Rifleman Gunn, 21, from Monmouth, Monmouthshire; Corporal Upton, 31, from Looe in Cornwall, and Corporal Gaden, 24, from Taunton, Somerset, were all in 1st Battalion The Rifles. The battalion has lost eight men in Afghan-istan in just over two months. Lieutenant-Colonel Ian Blewett, regimental colonel of The Rifles, said the three were "outstanding soldiers", and added that morale remained high among their comrades.

Corporal Upton's brother Leon is also serving in Afghanistan. Their mother, Tina, said: "Paul had his life cut short doing a job he loved and he will be greatly missed by family and friends."
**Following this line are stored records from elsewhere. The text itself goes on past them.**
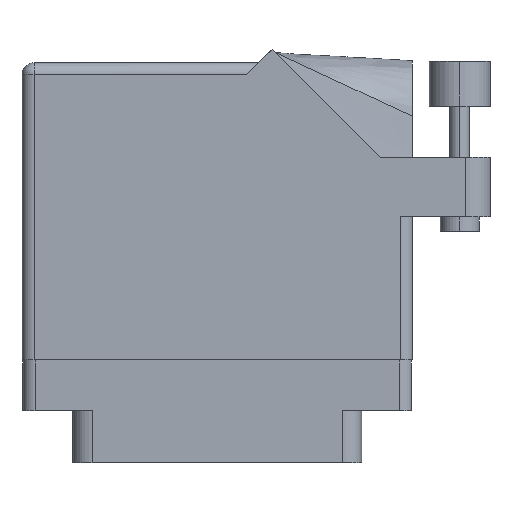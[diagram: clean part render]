
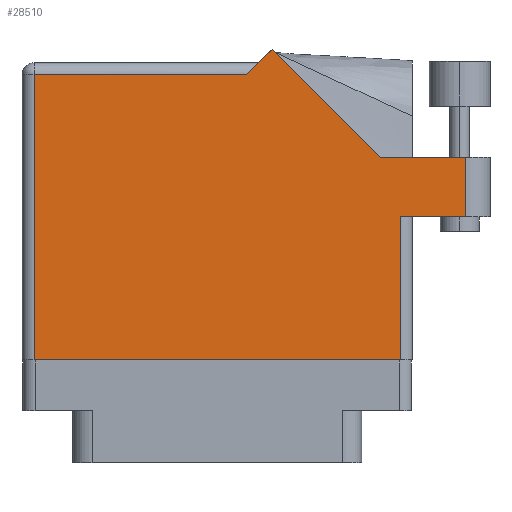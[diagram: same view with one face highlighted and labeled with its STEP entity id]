
A CAD part, front view. The second image highlights one B-rep face of the part: STEP entity #28510.
In plain terms, the highlighted face is planar.
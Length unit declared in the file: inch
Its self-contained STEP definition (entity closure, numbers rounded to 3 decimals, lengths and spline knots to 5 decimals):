
#598 = DIRECTION ( 'NONE',  ( -1., 0., 0. ) ) ;
#916 = CARTESIAN_POINT ( 'NONE',  ( 1.217, 1.53, 0. ) ) ;
#1257 = DIRECTION ( 'NONE',  ( -1., 0., 0. ) ) ;
#1301 = LINE ( 'NONE', #37972, #28560 ) ;
#1371 = VECTOR ( 'NONE', #37910, 39.37008 ) ;
#1891 = VECTOR ( 'NONE', #12818, 39.37008 ) ;
#1941 = CARTESIAN_POINT ( 'NONE',  ( 0., 0., 0. ) ) ;
#2192 = VERTEX_POINT ( 'NONE', #11878 ) ;
#2331 = LINE ( 'NONE', #19119, #1891 ) ;
#5631 = VECTOR ( 'NONE', #1257, 39.37008 ) ;
#5812 = AXIS2_PLACEMENT_3D ( 'NONE', #16051, #37035, #598 ) ;
#6567 = FACE_OUTER_BOUND ( 'NONE', #8789, .T. ) ;
#6685 = EDGE_CURVE ( 'NONE', #27127, #31494, #19404, .T. ) ;
#6729 = CARTESIAN_POINT ( 'NONE',  ( 2.285, 1.044, 0. ) ) ;
#6793 = ORIENTED_EDGE ( 'NONE', *, *, #34571, .T. ) ;
#7394 = EDGE_CURVE ( 'NONE', #35362, #2192, #36215, .T. ) ;
#8105 = CARTESIAN_POINT ( 'NONE',  ( 2.285, 1.044, 0. ) ) ;
#8687 = CARTESIAN_POINT ( 'NONE',  ( 1.84442, 1.044, 0. ) ) ;
#8789 = EDGE_LOOP ( 'NONE', ( #30855, #29575, #35050, #20192, #6793, #10481, #10344, #21284, #37873 ) ) ;
#9247 = DIRECTION ( 'NONE',  ( -1., 0., 0. ) ) ;
#10344 = ORIENTED_EDGE ( 'NONE', *, *, #38046, .T. ) ;
#10481 = ORIENTED_EDGE ( 'NONE', *, *, #6685, .T. ) ;
#11243 = DIRECTION ( 'NONE',  ( 1., 0., 0. ) ) ;
#11878 = CARTESIAN_POINT ( 'NONE',  ( 1.28771, 1.60071, 0. ) ) ;
#12495 = LINE ( 'NONE', #29256, #32235 ) ;
#12503 = CARTESIAN_POINT ( 'NONE',  ( 0.062, 0., 0. ) ) ;
#12818 = DIRECTION ( 'NONE',  ( 0., -1., 0. ) ) ;
#13662 = CARTESIAN_POINT ( 'NONE',  ( 2.41, 1.044, 0. ) ) ;
#15146 = VERTEX_POINT ( 'NONE', #6729 ) ;
#15501 = VERTEX_POINT ( 'NONE', #33315 ) ;
#16051 = CARTESIAN_POINT ( 'NONE',  ( 0., 1.53, 0. ) ) ;
#17125 = EDGE_CURVE ( 'NONE', #33190, #28034, #12495, .T. ) ;
#17337 = VECTOR ( 'NONE', #20245, 39.37008 ) ;
#17400 = CARTESIAN_POINT ( 'NONE',  ( 1.155, 1.468, 0. ) ) ;
#19079 = VECTOR ( 'NONE', #33693, 39.37008 ) ;
#19119 = CARTESIAN_POINT ( 'NONE',  ( 0.062, 0., 0. ) ) ;
#19186 = PLANE ( 'NONE',  #5812 ) ;
#19404 = LINE ( 'NONE', #36002, #37716 ) ;
#20192 = ORIENTED_EDGE ( 'NONE', *, *, #7394, .T. ) ;
#20245 = DIRECTION ( 'NONE',  ( 1., 0., 0. ) ) ;
#21271 = EDGE_CURVE ( 'NONE', #38512, #15501, #25399, .T. ) ;
#21284 = ORIENTED_EDGE ( 'NONE', *, *, #21271, .T. ) ;
#25399 = LINE ( 'NONE', #1941, #17337 ) ;
#26916 = EDGE_CURVE ( 'NONE', #28034, #15146, #36603, .T. ) ;
#27127 = VERTEX_POINT ( 'NONE', #17400 ) ;
#27373 = DIRECTION ( 'NONE',  ( -0.707, 0.707, 0. ) ) ;
#28034 = VERTEX_POINT ( 'NONE', #37216 ) ;
#28434 = CARTESIAN_POINT ( 'NONE',  ( 1.948, 0.737, 0. ) ) ;
#28510 = ADVANCED_FACE ( 'NONE', ( #6567 ), #19186, .F. ) ;
#28560 = VECTOR ( 'NONE', #29201, 39.37008 ) ;
#28598 = EDGE_CURVE ( 'NONE', #15146, #35362, #32471, .T. ) ;
#29201 = DIRECTION ( 'NONE',  ( 0., 1., 0. ) ) ;
#29256 = CARTESIAN_POINT ( 'NONE',  ( 2.01, 0.737, 0. ) ) ;
#29575 = ORIENTED_EDGE ( 'NONE', *, *, #26916, .T. ) ;
#30855 = ORIENTED_EDGE ( 'NONE', *, *, #17125, .T. ) ;
#31298 = CARTESIAN_POINT ( 'NONE',  ( 1.84442, 1.044, 0. ) ) ;
#31494 = VERTEX_POINT ( 'NONE', #38474 ) ;
#32235 = VECTOR ( 'NONE', #11243, 39.37008 ) ;
#32471 = LINE ( 'NONE', #13662, #5631 ) ;
#33190 = VERTEX_POINT ( 'NONE', #28434 ) ;
#33315 = CARTESIAN_POINT ( 'NONE',  ( 1.948, 0., 0. ) ) ;
#33693 = DIRECTION ( 'NONE',  ( -0.707, -0.707, 0. ) ) ;
#34301 = EDGE_CURVE ( 'NONE', #15501, #33190, #1301, .T. ) ;
#34343 = VECTOR ( 'NONE', #27373, 39.37008 ) ;
#34571 = EDGE_CURVE ( 'NONE', #2192, #27127, #36433, .T. ) ;
#35050 = ORIENTED_EDGE ( 'NONE', *, *, #28598, .T. ) ;
#35362 = VERTEX_POINT ( 'NONE', #31298 ) ;
#36002 = CARTESIAN_POINT ( 'NONE',  ( 0., 1.468, 0. ) ) ;
#36215 = LINE ( 'NONE', #8687, #34343 ) ;
#36433 = LINE ( 'NONE', #916, #19079 ) ;
#36603 = LINE ( 'NONE', #8105, #1371 ) ;
#37035 = DIRECTION ( 'NONE',  ( 0., 0., -1. ) ) ;
#37216 = CARTESIAN_POINT ( 'NONE',  ( 2.285, 0.737, 0. ) ) ;
#37716 = VECTOR ( 'NONE', #9247, 39.37008 ) ;
#37873 = ORIENTED_EDGE ( 'NONE', *, *, #34301, .T. ) ;
#37910 = DIRECTION ( 'NONE',  ( 0., 1., 0. ) ) ;
#37972 = CARTESIAN_POINT ( 'NONE',  ( 1.948, 0.737, 0. ) ) ;
#38046 = EDGE_CURVE ( 'NONE', #31494, #38512, #2331, .T. ) ;
#38474 = CARTESIAN_POINT ( 'NONE',  ( 0.062, 1.468, 0. ) ) ;
#38512 = VERTEX_POINT ( 'NONE', #12503 ) ;

Corporal Gaden had served in Iraq before Afghanistan. His mother, Judy, father, Nick, fiancée, Amanda, sister, Ruth, and brother, Sam, also issued a statement saying: "Tom was an inspiration to the whole family. He was a soldier through and through and the rock that kept our family together. He was very loving, never judged anyone and was always very supportive, nothing was ever too much trouble for him."

Rifleman Gunn's mother, Janet, father, Mervyn, and sister, Jessica, said in a statement: "Jamie's proudest desire was that he wanted to shine in life. He was a funny, popular lad who loved his mates and the girls but most of all we are so proud of our son, brother and grandson who will always shine in our hearts forever."

Marine Laski from Liverpool was on his second tour of Afghanistan when he was wounded in intense action north of Sangin. His patrol had been caught under fire on open ground. He had joined 45 Commando Royal Marines in September 2006 and had taken a specialist signals course. A comrade and friend, Marine Mark Goldsworthy, said: "I worked with Mick day in day out for the past one-and-a-half years and he was a true inspiration to be with. He was a great friend I will sorely miss and never forget. Rest in peace mate: see you in the Big Man's Bar."

Marine Laski's commanding officer, Lieutenant-Colonel Jim Morris said "Bright, quick-witted, incredibly determined and extremely brave he always sought out every opportunity to operate as close to the front line as possible. As a signaller, he was invariably on the shoulder of the company commander in the thick of the fighting, ensuring communications whatever the circumstances."

Gulab Mangal, governor of Helmand province, on a visit to the UK, spoke of the "courage and sacrifice" of British troops. He said: "This is not only for Afghanistan but for the whole world. If Helmand is not secure then Britain is not secure, [and] neither are other parts of the world. If terrorists are based in Helmand they can go to other places."